» **Work request**
Each record should be given back exactly, with none missing.

» **Data items**
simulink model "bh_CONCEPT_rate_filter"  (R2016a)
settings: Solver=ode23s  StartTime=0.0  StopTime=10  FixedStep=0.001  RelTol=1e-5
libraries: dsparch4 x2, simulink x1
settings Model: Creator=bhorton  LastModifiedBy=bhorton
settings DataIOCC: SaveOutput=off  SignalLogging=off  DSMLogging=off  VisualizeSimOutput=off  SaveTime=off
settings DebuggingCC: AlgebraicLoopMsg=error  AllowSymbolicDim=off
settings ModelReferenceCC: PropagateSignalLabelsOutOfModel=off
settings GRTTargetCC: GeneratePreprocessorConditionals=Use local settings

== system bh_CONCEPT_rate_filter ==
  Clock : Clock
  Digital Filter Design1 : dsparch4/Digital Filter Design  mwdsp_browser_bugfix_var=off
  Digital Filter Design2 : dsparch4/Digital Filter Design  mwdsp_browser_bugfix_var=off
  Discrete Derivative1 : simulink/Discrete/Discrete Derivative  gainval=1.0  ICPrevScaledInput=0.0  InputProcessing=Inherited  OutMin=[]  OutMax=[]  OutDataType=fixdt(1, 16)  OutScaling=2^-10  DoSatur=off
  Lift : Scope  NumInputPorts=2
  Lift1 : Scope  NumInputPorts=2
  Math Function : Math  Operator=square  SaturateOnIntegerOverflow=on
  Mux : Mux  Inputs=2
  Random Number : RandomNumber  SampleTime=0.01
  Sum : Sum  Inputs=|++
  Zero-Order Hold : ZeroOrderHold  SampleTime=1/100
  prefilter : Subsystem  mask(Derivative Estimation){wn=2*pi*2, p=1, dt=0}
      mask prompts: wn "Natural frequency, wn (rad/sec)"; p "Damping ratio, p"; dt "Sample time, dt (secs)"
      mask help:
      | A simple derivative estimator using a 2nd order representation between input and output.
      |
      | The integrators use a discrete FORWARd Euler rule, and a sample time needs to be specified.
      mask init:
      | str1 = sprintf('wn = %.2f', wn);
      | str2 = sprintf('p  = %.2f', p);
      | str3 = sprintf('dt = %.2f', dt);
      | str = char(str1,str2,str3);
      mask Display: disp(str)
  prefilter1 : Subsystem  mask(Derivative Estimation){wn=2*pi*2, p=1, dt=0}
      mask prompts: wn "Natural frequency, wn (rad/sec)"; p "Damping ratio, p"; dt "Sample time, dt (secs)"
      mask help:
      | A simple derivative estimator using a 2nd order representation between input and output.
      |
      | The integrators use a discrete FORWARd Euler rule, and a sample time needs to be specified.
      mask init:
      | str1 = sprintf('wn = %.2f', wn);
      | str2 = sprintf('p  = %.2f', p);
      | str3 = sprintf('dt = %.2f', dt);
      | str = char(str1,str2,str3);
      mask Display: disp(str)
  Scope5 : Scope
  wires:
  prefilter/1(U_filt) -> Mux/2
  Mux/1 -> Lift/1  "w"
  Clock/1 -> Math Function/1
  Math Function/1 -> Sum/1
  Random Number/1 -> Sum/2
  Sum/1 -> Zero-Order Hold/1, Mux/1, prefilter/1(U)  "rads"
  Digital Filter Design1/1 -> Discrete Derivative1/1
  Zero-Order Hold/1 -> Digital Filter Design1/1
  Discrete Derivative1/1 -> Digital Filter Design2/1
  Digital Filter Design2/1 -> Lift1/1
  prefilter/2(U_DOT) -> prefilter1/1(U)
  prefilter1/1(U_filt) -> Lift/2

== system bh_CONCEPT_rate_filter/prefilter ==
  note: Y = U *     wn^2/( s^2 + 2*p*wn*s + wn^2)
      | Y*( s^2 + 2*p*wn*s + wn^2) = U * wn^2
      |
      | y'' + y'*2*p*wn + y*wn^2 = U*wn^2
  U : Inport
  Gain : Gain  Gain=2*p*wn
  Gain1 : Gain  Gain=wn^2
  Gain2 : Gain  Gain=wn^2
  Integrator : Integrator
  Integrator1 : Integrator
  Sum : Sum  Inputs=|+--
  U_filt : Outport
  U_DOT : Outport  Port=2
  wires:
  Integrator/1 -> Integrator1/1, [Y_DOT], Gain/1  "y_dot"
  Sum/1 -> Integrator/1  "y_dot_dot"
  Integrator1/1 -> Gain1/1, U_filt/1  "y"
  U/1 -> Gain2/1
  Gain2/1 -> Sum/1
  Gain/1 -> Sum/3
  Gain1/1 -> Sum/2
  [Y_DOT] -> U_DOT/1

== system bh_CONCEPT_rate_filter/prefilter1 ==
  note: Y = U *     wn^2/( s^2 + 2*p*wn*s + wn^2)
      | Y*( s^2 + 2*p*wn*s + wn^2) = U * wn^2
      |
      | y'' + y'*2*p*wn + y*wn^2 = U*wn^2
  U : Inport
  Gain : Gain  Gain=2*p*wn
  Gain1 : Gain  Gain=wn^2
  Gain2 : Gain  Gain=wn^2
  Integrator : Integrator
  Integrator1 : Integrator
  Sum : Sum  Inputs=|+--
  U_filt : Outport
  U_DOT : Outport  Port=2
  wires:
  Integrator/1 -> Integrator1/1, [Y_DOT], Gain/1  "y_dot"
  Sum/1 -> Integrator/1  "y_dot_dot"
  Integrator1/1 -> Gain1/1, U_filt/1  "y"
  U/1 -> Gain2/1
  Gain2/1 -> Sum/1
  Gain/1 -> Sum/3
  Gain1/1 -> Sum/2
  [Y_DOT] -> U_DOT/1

» **Solved problem**
simulink model "bh_CONCEPT_rate_filter"  (R2016a)
settings: Solver=ode23s  StartTime=0.0  StopTime=10  FixedStep=0.001  RelTol=1e-5
libraries: dsparch4 x2, simulink x1
settings Model: Creator=bhorton  LastModifiedBy=bhorton
settings DataIOCC: SaveOutput=off  SignalLogging=off  DSMLogging=off  VisualizeSimOutput=off  SaveTime=off
settings DebuggingCC: AlgebraicLoopMsg=error  AllowSymbolicDim=off
settings ModelReferenceCC: PropagateSignalLabelsOutOfModel=off
settings GRTTargetCC: GeneratePreprocessorConditionals=Use local settings

== system bh_CONCEPT_rate_filter ==
  Clock : Clock
  Digital Filter Design1 : dsparch4/Digital Filter Design  mwdsp_browser_bugfix_var=off
  Digital Filter Design2 : dsparch4/Digital Filter Design  mwdsp_browser_bugfix_var=off
  Discrete Derivative1 : simulink/Discrete/Discrete Derivative  gainval=1.0  ICPrevScaledInput=0.0  InputProcessing=Inherited  OutMin=[]  OutMax=[]  OutDataType=fixdt(1, 16)  OutScaling=2^-10  DoSatur=off
  Lift : Scope  NumInputPorts=2
  Lift1 : Scope  NumInputPorts=2
  Math Function : Math  Operator=square  SaturateOnIntegerOverflow=on
  Mux : Mux  Inputs=2
  Random Number : RandomNumber  SampleTime=0.01
  Sum : Sum  Inputs=|++
  Zero-Order Hold : ZeroOrderHold  SampleTime=1/100
  prefilter : Subsystem  mask(Derivative Estimation){wn=2*pi*2, p=1, dt=0}
      mask prompts: wn "Natural frequency, wn (rad/sec)"; p "Damping ratio, p"; dt "Sample time, dt (secs)"
      mask help:
      | A simple derivative estimator using a 2nd order representation between input and output.
      |
      | The integrators use a discrete FORWARd Euler rule, and a sample time needs to be specified.
      mask init:
      | str1 = sprintf('wn = %.2f', wn);
      | str2 = sprintf('p  = %.2f', p);
      | str3 = sprintf('dt = %.2f', dt);
      | str = char(str1,str2,str3);
      mask Display: disp(str)
  prefilter1 : Subsystem  mask(Derivative Estimation){wn=2*pi*2, p=1, dt=0}
      mask prompts: wn "Natural frequency, wn (rad/sec)"; p "Damping ratio, p"; dt "Sample time, dt (secs)"
      mask help:
      | A simple derivative estimator using a 2nd order representation between input and output.
      |
      | The integrators use a discrete FORWARd Euler rule, and a sample time needs to be specified.
      mask init:
      | str1 = sprintf('wn = %.2f', wn);
      | str2 = sprintf('p  = %.2f', p);
      | str3 = sprintf('dt = %.2f', dt);
      | str = char(str1,str2,str3);
      mask Display: disp(str)
  Scope5 : Scope
  wires:
  prefilter/1(U_filt) -> Mux/2
  Mux/1 -> Lift/1  "w"
  Clock/1 -> Math Function/1
  Math Function/1 -> Sum/1
  Random Number/1 -> Sum/2
  Sum/1 -> Zero-Order Hold/1, Mux/1, prefilter/1(U)  "rads"
  Digital Filter Design1/1 -> Discrete Derivative1/1
  Zero-Order Hold/1 -> Digital Filter Design1/1
  Discrete Derivative1/1 -> Digital Filter Design2/1
  Digital Filter Design2/1 -> Lift1/1
  prefilter/2(U_DOT) -> prefilter1/1(U)
  prefilter1/1(U_filt) -> Lift/2

== system bh_CONCEPT_rate_filter/prefilter ==
  note: Y = U *     wn^2/( s^2 + 2*p*wn*s + wn^2)
      | Y*( s^2 + 2*p*wn*s + wn^2) = U * wn^2
      |
      | y'' + y'*2*p*wn + y*wn^2 = U*wn^2
  U : Inport
  Gain : Gain  Gain=2*p*wn
  Gain1 : Gain  Gain=wn^2
  Gain2 : Gain  Gain=wn^2
  Integrator : Integrator
  Integrator1 : Integrator
  Sum : Sum  Inputs=|+--
  U_filt : Outport
  U_DOT : Outport  Port=2
  wires:
  Integrator/1 -> Integrator1/1, [Y_DOT], Gain/1  "y_dot"
  Sum/1 -> Integrator/1  "y_dot_dot"
  Integrator1/1 -> Gain1/1, U_filt/1  "y"
  U/1 -> Gain2/1
  Gain2/1 -> Sum/1
  Gain/1 -> Sum/3
  Gain1/1 -> Sum/2
  [Y_DOT] -> U_DOT/1

== system bh_CONCEPT_rate_filter/prefilter1 ==
  note: Y = U *     wn^2/( s^2 + 2*p*wn*s + wn^2)
      | Y*( s^2 + 2*p*wn*s + wn^2) = U * wn^2
      |
      | y'' + y'*2*p*wn + y*wn^2 = U*wn^2
  U : Inport
  Gain : Gain  Gain=2*p*wn
  Gain1 : Gain  Gain=wn^2
  Gain2 : Gain  Gain=wn^2
  Integrator : Integrator
  Integrator1 : Integrator
  Sum : Sum  Inputs=|+--
  U_filt : Outport
  U_DOT : Outport  Port=2
  wires:
  Integrator/1 -> Integrator1/1, [Y_DOT], Gain/1  "y_dot"
  Sum/1 -> Integrator/1  "y_dot_dot"
  Integrator1/1 -> Gain1/1, U_filt/1  "y"
  U/1 -> Gain2/1
  Gain2/1 -> Sum/1
  Gain/1 -> Sum/3
  Gain1/1 -> Sum/2
  [Y_DOT] -> U_DOT/1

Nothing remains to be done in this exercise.